Summary
In Chastain v. State, 180 Ga. App. 312, 349 S.E.2d 6 (1986), affirmed 257 Ga. 54, 354 S.E.2d 421 (1987), a father was charged with sodomizing his eleven-year-old daughter.
Summary of this case from Woodruff v. StateOpinion
72872.
DECIDED SEPTEMBER 4, 1986. REHEARING DENIED SEPTEMBER 17, 1986.
Aggravated sodomy, etc. Gilmer Superior Court. Before Judge Milam.
David E. Ralston, for appellant.
Roger G. Queen, District Attorney, for appellee.
Randy Calvin Chastain was convicted on five counts of aggravated sodomy and child molestation and was sentenced to serve twenty years on each of four counts, the sentences to run concurrently, with ten years probation on the fifth count.
1. Chastain raises the general grounds. We have carefully reviewed the record and find that the evidence is sufficient beyond any reasonable doubt to enable a rational trier of fact to convict Chastain on each count. Accord Chapman v. State, 170 Ga. App. 779 (1) ( 318 S.E.2d 213) (1984); see also Jackson v. Virginia, 443 U.S. 307 (99 SC 2781, 61 L.Ed.2d 560) (1979).

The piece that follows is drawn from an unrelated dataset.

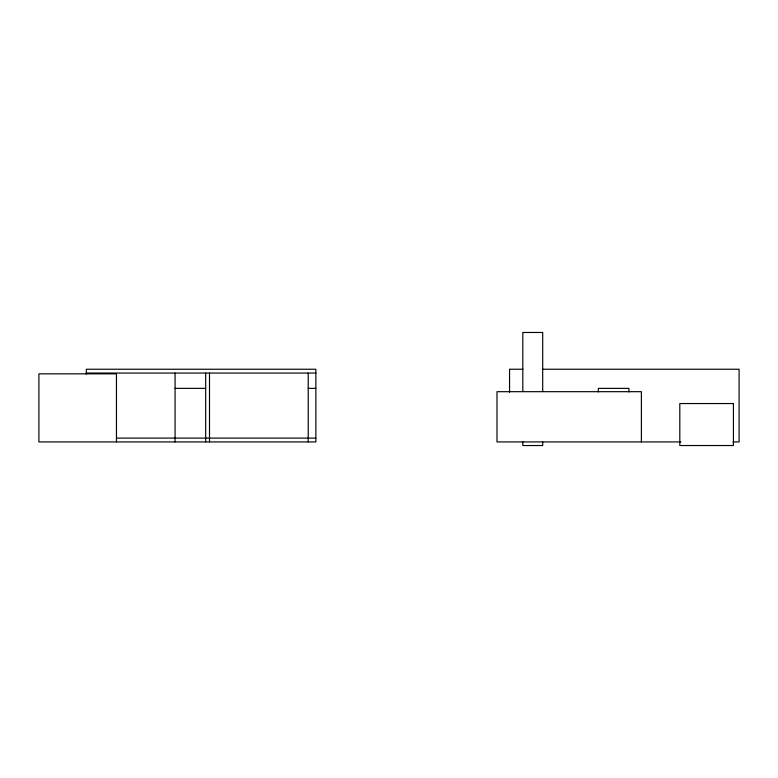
<?xml version="1.0" encoding="UTF-8"?>
<svg xmlns="http://www.w3.org/2000/svg" width="778" height="778" viewBox="0 0 778 778"><rect width="100%" height="100%" fill="white"/><g stroke="black" fill="none" stroke-linecap="round" stroke-linejoin="round"><path stroke-width="1.17" d="M522.913 369.239L509.551 369.239L509.551 392.258M542.344 369.239L739.1 369.239L739.1 441.923L733.032 441.923M86.319 373.061L315.868 373.061M175.079 388.368L205.684 388.368M308.214 388.368L315.868 388.368M116.681 438.102L315.868 438.102M680.799 441.923L496.996 441.923L496.996 391.684L641.383 391.684L641.383 441.923M628.916 391.937L628.916 388.368L598.311 388.368L598.311 391.937M542.694 391.402L542.694 332.469L522.816 332.469L522.816 391.402M542.694 441.923L542.694 445.531L522.816 445.531L522.816 441.923M308.214 373.061L308.214 441.923M209.506 373.061L209.506 441.923M205.684 373.061L205.684 441.923M175.079 373.061L175.079 441.923M116.457 441.923L116.457 373.829L38.9 373.829L38.9 441.923L315.868 441.923L315.868 369.239L86.319 369.239L86.319 374.082M733.43 403.549L679.807 403.549L679.807 445.531L733.43 445.531L733.43 403.549"/></g></svg>

2. Chastain argues that the court erred in restricting his right to a thorough and sifting cross-examination by granting the State's motion in limine precluding him from questioning the child about alleged incidents with other men for the purpose of showing the child's knowledge of the crimes of child molestation and sodomy. Knowledge of a crime gained through being a victim of that crime at the hands of others can have no relevance to the issue of guilt or innocence of the defendant on trial. The past sexual experience of a child in a case such as this is irrelevant to the issue of whether molestation was committed by the defendant on trial. Decker v. State, 139 Ga. App. 707 (2) ( 229 S.E.2d 520) (1976). The trial court did not err in excluding such evidence.
Judgment affirmed. McMurray, P. J., and Carley, J., concur.